▶ What the task asks:
Print word for word the records from the line containing "[*] --> masuk_kedalam_website" through the end.

▶ Data listing:

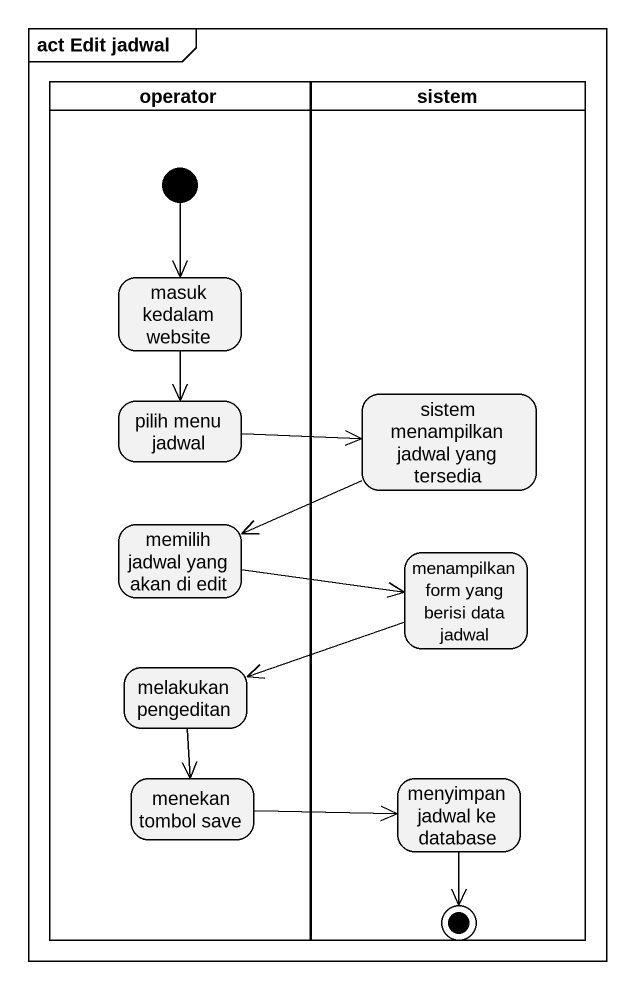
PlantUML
@startuml
mainframe act Edit jadwal
hide empty description
state operator <<partition>> {
  state "masuk kedalam website" as masuk_kedalam_website
  state "pilih menu jadwal" as pilih_menu_jadwal
  state "memilih jadwal yang akan di edit" as memilih_jadwal_yang_akan_di
  state "melakukan pengeditan" as melakukan_pengeditan
  state "menekan tombol save" as menekan_tombol_save
  [*] --> masuk_kedalam_website
}
state sistem <<partition>> {
  state "sistem menampilkan jadwal yang tersedia" as sistem_menampilkan_jadwal
  state "menampilkan form yang berisi data jadwal" as menampilkan_form_yang
  state "menyimpan jadwal ke database" as menyimpan_jadwal_ke_database
  menyimpan_jadwal_ke_database --> [*]
}
masuk_kedalam_website --> pilih_menu_jadwal
pilih_menu_jadwal -right-> sistem_menampilkan_jadwal
sistem_menampilkan_jadwal -left-> memilih_jadwal_yang_akan_di
memilih_jadwal_yang_akan_di -right-> menampilkan_form_yang
menampilkan_form_yang -left-> melakukan_pengeditan
melakukan_pengeditan --> menekan_tombol_save
menekan_tombol_save -right-> menyimpan_jadwal_ke_database
@enduml

▶ Answer space:
  [*] --> masuk_kedalam_website
}
state sistem <<partition>> {
  state "sistem menampilkan jadwal yang tersedia" as sistem_menampilkan_jadwal
  state "menampilkan form yang berisi data jadwal" as menampilkan_form_yang
  state "menyimpan jadwal ke database" as menyimpan_jadwal_ke_database
  menyimpan_jadwal_ke_database --> [*]
}
masuk_kedalam_website --> pilih_menu_jadwal
pilih_menu_jadwal -right-> sistem_menampilkan_jadwal
sistem_menampilkan_jadwal -left-> memilih_jadwal_yang_akan_di
memilih_jadwal_yang_akan_di -right-> menampilkan_form_yang
menampilkan_form_yang -left-> melakukan_pengeditan
melakukan_pengeditan --> menekan_tombol_save
menekan_tombol_save -right-> menyimpan_jadwal_ke_database
@enduml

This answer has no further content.